TextCat outcome depends on words that are not in the vocabulary

I am doing default Spacy TextCat on mainly sentences with company names in them. I thought about pretraining or something similar in order to have the model "understand" the company names before the TextCat training. As a preparation I looked at how the TextCat prediction depends on the specific company name. I did this by feeding the same sentence with only the company name (1 word) altered to the model and I found something strange: The TextCat prediction depends critically on the company name, also for names that do not appear in the training data. If I try different "nonsense" business names, that are not in the vocabulary (web_en_core_lg) then it gives different outcomes. I think I am missing something crucial here. What is the "real input" for the TextCat and why does it depend on random words that it does not know?
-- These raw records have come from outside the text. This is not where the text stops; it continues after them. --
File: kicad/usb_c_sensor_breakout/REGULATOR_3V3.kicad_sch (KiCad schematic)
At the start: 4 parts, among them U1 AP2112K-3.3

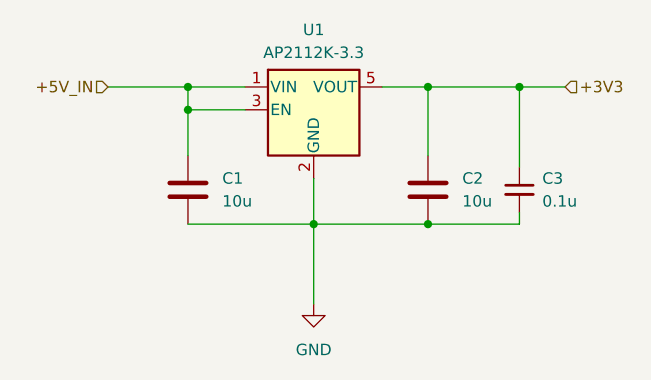
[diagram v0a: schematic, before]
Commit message: Commit3: Regulators + Top-level + I2C sensor upgrade
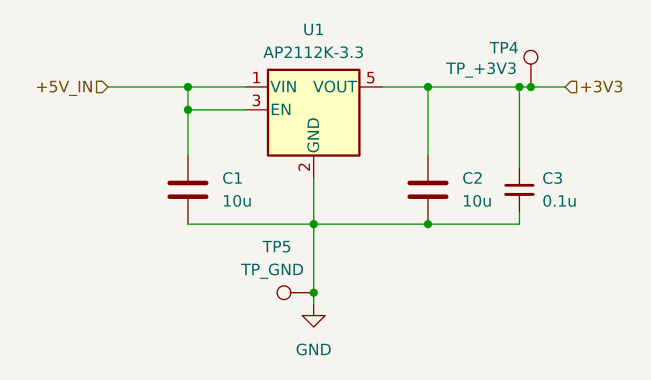
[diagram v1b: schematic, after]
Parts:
- added TP4: TP_+3V3, symbol Connector:TestPoint
- added TP5: TP_GND, symbol Connector:TestPoint
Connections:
- net +3V3: now also TP4.1
- net GND: now also TP5.1
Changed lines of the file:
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@@
+	)
+	(junction
+		(at 113.03 76.2)
+		(diameter 0)
+		(color 0 0 0 0)
+	)
+	(junction
+		(at 88.9 99.06)
+		(diameter 0)
+		(color 0 0 0 0)
 	)
 	(junction
@@
 	(wire
 		(pts
-			(xy 111.76 76.2) (xy 116.84 76.2)
+			(xy 111.76 76.2) (xy 113.03 76.2)
 		)
 		(stroke
@@
 	(wire
 		(pts
-			(xy 88.9 91.44) (xy 88.9 100.33)
+			(xy 88.9 91.44) (xy 88.9 99.06)
+		)
+		(stroke
+			(width 0)
+			(type default)
+		)
+	)
+	(wire
+		(pts
+			(xy 113.03 76.2) (xy 116.84 76.2)
+		)
+		(stroke
+			(width 0)
+			(type default)
+		)
+	)
+	(wire
+		(pts
+			(xy 88.9 99.06) (xy 88.9 100.33)
 		)
 		(stroke
@@
 	)
 	(symbol
+		(lib_id "Connector:TestPoint")
+		(at 113.03 76.2 0)
+		(unit 1)
+		(exclude_from_sim no)
+		(in_bom yes)
+		(on_board yes)
+		(dnp no)
+		(property "Reference" "TP4"
+			(at 108.458 71.882 0)
+			(effects
+				(font
+					(size 1.27 1.27)
+				)
+				(justify left)
+			)
+		)
+		(property "Value" "TP_+3V3"
+			(at 103.632 74.168 0)
+			(effects
+				(font
+					(size 1.27 1.27)
+				)
+				(justify left)
+			)
+		)
+		(property "Footprint" ""
+			(at 118.11 76.2 0)
+			(effects
+				(font
+					(size 1.27 1.27)
+				)
+				(hide yes)
+			)
+		)
+		(property "Datasheet" "~"
+			(at 118.11 76.2 0)
+			(effects
+				(font
+					(size 1.27 1.27)
+				)
+				(hide yes)
+			)
+		)
+		(property "Description" "test point"
+			(at 113.03 76.2 0)
+			(effects
+				(font
+					(size 1.27 1.27)
+				)
+				(hide yes)
+			)
+		)
+		(pin "1"
+		)
+		(instances
+			(project ""
+				(path "/a2072585-dfc7-469c-b616-14a83342abb9/447a3edd-df06-4977-9e2f-278020fd9b85"
+					(reference "TP4")
+					(unit 1)
+				)
+			)
+		)
+	)
+	(symbol
 		(lib_id "power:GND")
 		(at 88.9 100.33 0)
@@
 					(unit 1)
 				)
+			)
+		)
+	)
+	(symbol
+		(lib_id "Connector:TestPoint")
+		(at 88.9 99.06 90)
+		(unit 1)
+		(exclude_from_sim no)
+		(in_bom yes)
+		(on_board yes)
+		(dnp no)
+		(property "Reference" "TP5"
+			(at 84.836 93.98 90)
+			(effects
+				(font
+					(size 1.27 1.27)
+				)
+			)
+		)
+		(property "Value" "TP_GND"
+			(at 84.328 96.52 90)
+			(effects
+				(font
+					(size 1.27 1.27)
+				)
+			)
+		)
+		(property "Footprint" ""
+			(at 88.9 93.98 0)
+			(effects
+				(font
+					(size 1.27 1.27)
+				)
+				(hide yes)
+			)
+		)
+		(property "Datasheet" "~"
+			(at 88.9 93.98 0)
+			(effects
+				(font
+					(size 1.27 1.27)
+				)
+				(hide yes)
+			)
+		)
+		(property "Description" "test point"
+			(at 88.9 99.06 0)
+			(effects
+				(font
+					(size 1.27 1.27)
+				)
+				(hide yes)
+			)
+		)
+		(pin "1"
+		)
+		(instances
+			(project ""
+				(path "/a2072585-dfc7-469c-b616-14a83342abb9/447a3edd-df06-4977-9e2f-278020fd9b85"
+					(reference "TP5")
+					(unit 1)
+				)

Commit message: Commit 4: Updated annotation + footprints
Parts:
- C1, C2, C3: footprint (none) -> Capacitor_SMD:C_0603_1608Metric
- TP4, TP5: footprint (none) -> TestPoint:TestPoint_Pad_D1.5mm
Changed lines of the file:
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@@
 			)
 		)
-		(property "Footprint" ""
+		(property "Footprint" "Capacitor_SMD:C_0603_1608Metric"
 			(at 111.76 87.63 0)
 			(effects
@@
 			)
 		)
-		(property "Footprint" ""
+		(property "Footprint" "Capacitor_SMD:C_0603_1608Metric"
 			(at 73.9648 83.82 0)
 			(effects
@@
 			)
 		)
-		(property "Footprint" ""
+		(property "Footprint" "Capacitor_SMD:C_0603_1608Metric"
 			(at 100.6348 83.82 0)
 			(effects
@@
 			)
 		)
-		(property "Footprint" ""
+		(property "Footprint" "TestPoint:TestPoint_Pad_D1.5mm"
 			(at 118.11 76.2 0)
 			(effects
@@
 			)
 		)
-		(property "Footprint" ""
+		(property "Footprint" "TestPoint:TestPoint_Pad_D1.5mm"
 			(at 88.9 93.98 0)
 			(effects

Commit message: Commit 6: Finished PCB + Updated Schematic
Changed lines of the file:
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@@
 	)
 	(hierarchical_label "+3V3"
-		(shape input)
+		(shape output)
 		(at 116.84 76.2 0)
 		(effects
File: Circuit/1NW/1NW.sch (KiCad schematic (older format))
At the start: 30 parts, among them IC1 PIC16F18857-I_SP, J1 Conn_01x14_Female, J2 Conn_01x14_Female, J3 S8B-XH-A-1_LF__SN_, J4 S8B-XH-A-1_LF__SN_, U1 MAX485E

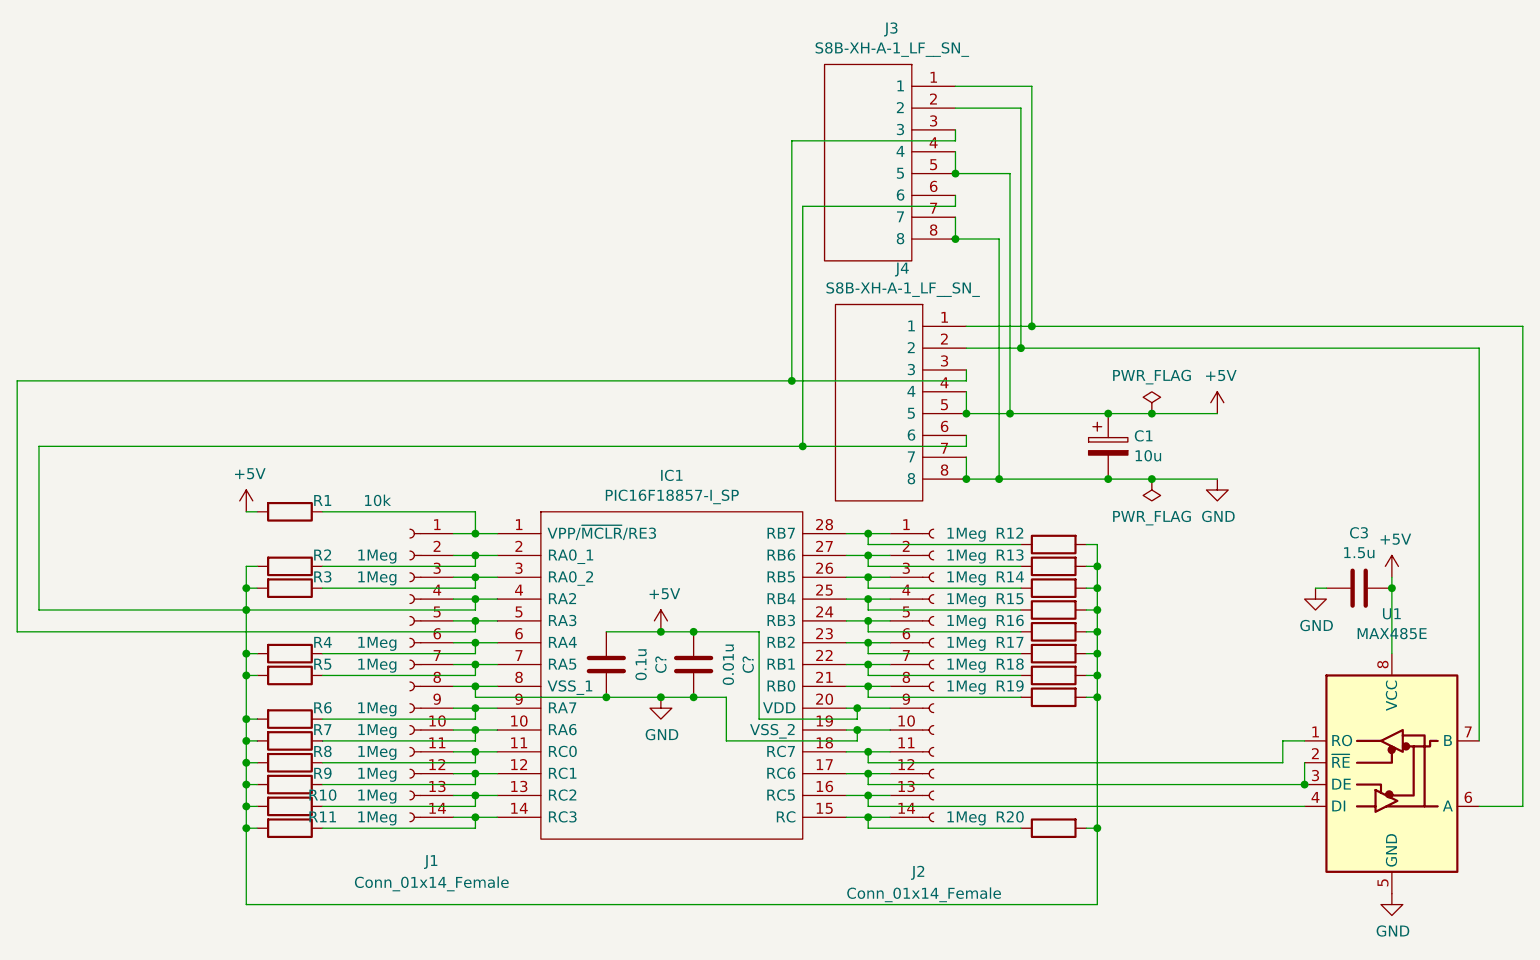
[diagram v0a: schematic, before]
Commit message: 8bit circuit (chip#0-5) complete
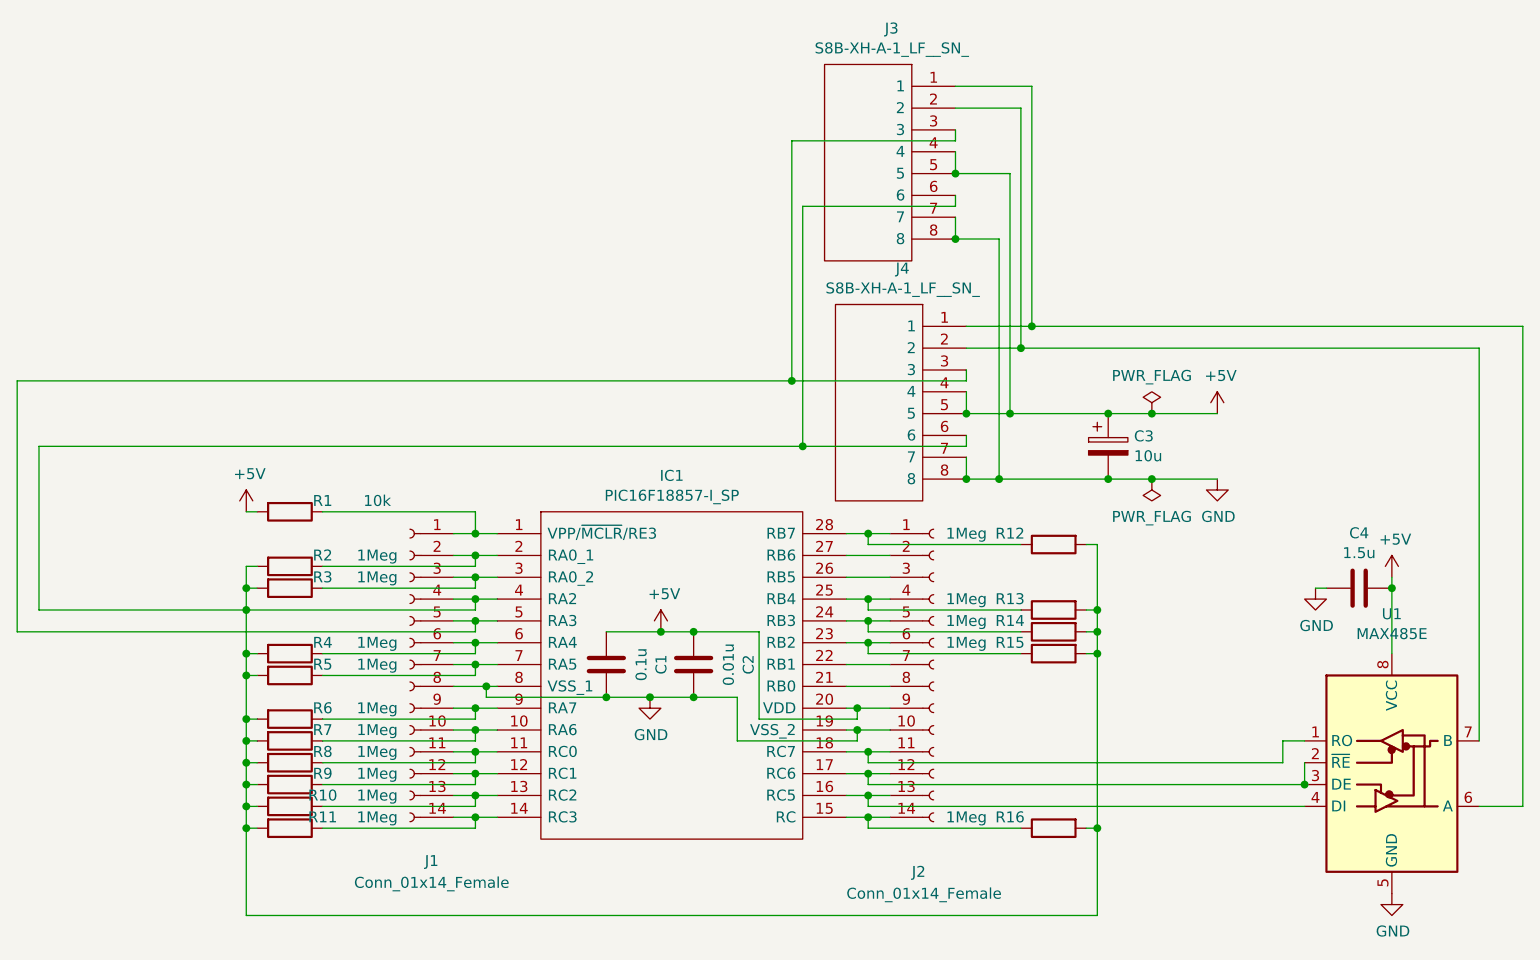
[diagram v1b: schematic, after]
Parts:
- removed C?: 0.1u, symbol Device:C
- removed C?: 0.01u, symbol Device:C
- removed R13, R14, R18, R19: 1Meg, symbol Device:R
- added C1: 0.1u, symbol Device:C
- added C2: 0.01u, symbol Device:C
- renumbered C1 to C3, C3 to C4, R15 to R13, R16 to R14, R17 to R15, R20 to R16
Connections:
- net +5V: now also C1.2, C2.2
- net GND: now also C1.1, C2.1

All of spaCy's models use hash embeddings: Can you explain how exactly HashEmbed works ?

This embedding strategy is used to avoid having to initialize with a fixed-size vocabulary at the beginning of training. Instead, there is no specific bound on the number of words the model is able to learn. New words will continue to influence the training.

Incidentally, even without the hash embeddings most models would learn from unseen words: pretty much all models will have some vector for unknown words that's being updated. Most models also have subword features, which will cause the model to be updated from unknown words.

Hi Honnibal,

Thank you for your answer. Do I understand correctly that not only in training but also when we use a previously trained model, unknown words are essentially mapped to random vectors? These vectors might randomly be associated strongly to a TextCat label. In practice I should first erase all words in a sentence that are not in the vocabulary to avoid the random effect of these associations? Does the same apply to words that do not have a vector ascribed?



Hi Bart,

I wouldn't erase the unknown words, no. The context around each word is used by the CNN, so you might be messing up the structure by removing the unknown words. The model also uses subword features (first character, suffix, word shape) to help derive the vector for each word. Layer normalization is also used to prevent large magnitudes.

The model has been designed to deal with unknown words in a reasonable way, as this is an expected thing that any NLP application will have to deal with. You can always do live updates of the model as well, to teach it new words.